▶ **Records contained in a dataset**
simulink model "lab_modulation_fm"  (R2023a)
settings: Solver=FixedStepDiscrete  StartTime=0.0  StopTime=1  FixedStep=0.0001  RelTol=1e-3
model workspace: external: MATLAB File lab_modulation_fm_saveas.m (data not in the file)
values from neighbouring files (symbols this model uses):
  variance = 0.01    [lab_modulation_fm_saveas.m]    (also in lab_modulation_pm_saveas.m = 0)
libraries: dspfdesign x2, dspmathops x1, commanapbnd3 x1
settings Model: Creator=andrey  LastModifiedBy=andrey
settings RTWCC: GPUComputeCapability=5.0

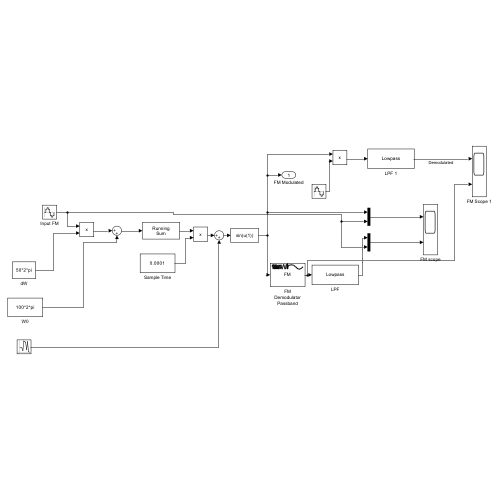
[thumbnail: Simulink's stored preview of the top-level diagram]
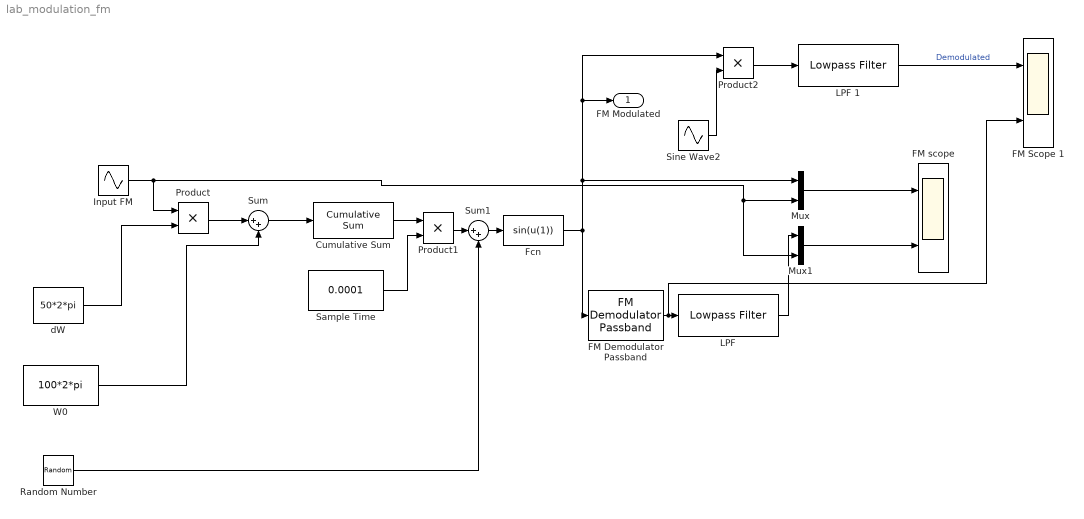
== system lab_modulation_fm ==
  Cumulative Sum : dspmathops/Cumulative Sum  dim=Channels (running sum)  InputProcessing=Columns as channels (frame based)  reset_popup=None  roundingMode=Floor  overflowMode=off  outputDataTypeStr=Inherit: Same as accumulator  outputMin=[]  outputMax=[]  outputLastDataTypeStr=Inherit: Same as accumulator
  FM Demodulator Passband : commanapbnd3/FM Demodulator Passband  Fc=100  Ph=0  Kc=frequencyDeviation  Ho=100
  FM Scope 1 : Scope  NumInputPorts=2
  FM scope : Scope  NumInputPorts=2
  Fcn : Fcn  Expr=sin(u(1))
  Input FM : Sin  Frequency=2*2*pi  SampleTime=0.0001
  LPF : dspfdesign/Lowpass Filter  FilterType=FIR  DesignForMinimumOrder=on  FilterOrder=50  PassbandFrequency=0.1  StopbandFrequency=100  PassbandRipple=0.1  StopbandAttenuation=80  SampleRate=44100  SimulateUsing=Interpreted execution  roundingMode=Floor  coeffsDataTypeStr=fixdt(1,16)
  LPF 1 : dspfdesign/Lowpass Filter  FilterType=FIR  DesignForMinimumOrder=on  FilterOrder=50  PassbandFrequency=10  StopbandFrequency=100  PassbandRipple=0.1  StopbandAttenuation=80  SampleRate=44100  SimulateUsing=Interpreted execution  roundingMode=Floor  coeffsDataTypeStr=fixdt(1,16)
  Mux : Mux  Inputs=2
  Mux1 : Mux  Inputs=2
  Product : Product
  Product1 : Product
  Product2 : Product
  Random Number : RandomNumber  Variance=variance  SampleTime=0.1
  Sample Time : Constant  Value=0.0001
  Sine Wave2 : Sin  Frequency=100*2*pi  SampleTime=0.0001
  Sum : Sum  Inputs=|++
  Sum1 : Sum  Inputs=|++
  W0 : Constant  Value=100*2*pi
  dW : Constant  Value=50*2*pi
  FM Modulated : Outport
  wires:
  Sine Wave2/1 -> Product2/2
  Product2/1 -> LPF 1/1
  LPF 1/1 -> FM Scope 1/1  "Demodulated"
  Mux1/1 -> FM scope/2
  Mux/1 -> FM scope/1
  Input FM/1 -> Mux/2, Mux1/2, Product/1
  FM Demodulator Passband/1 -> FM Scope 1/2, LPF/1
  LPF/1 -> Mux1/1
  dW/1 -> Product/2
  W0/1 -> Sum/2
  Product/1 -> Sum/1
  Sum/1 -> Cumulative Sum/1
  Sample Time/1 -> Product1/2
  Fcn/1 -> FM Demodulator Passband/1, Product2/1, FM Modulated/1, Mux/1
  Cumulative Sum/1 -> Product1/1
  Product1/1 -> Sum1/1
  Sum1/1 -> Fcn/1
  Random Number/1 -> Sum1/2

▶ **Problem to work on**
Looking at the records above, work out how many lines include the string "FilterOrder". Give the number and nothing else.

▶ **Task output**
2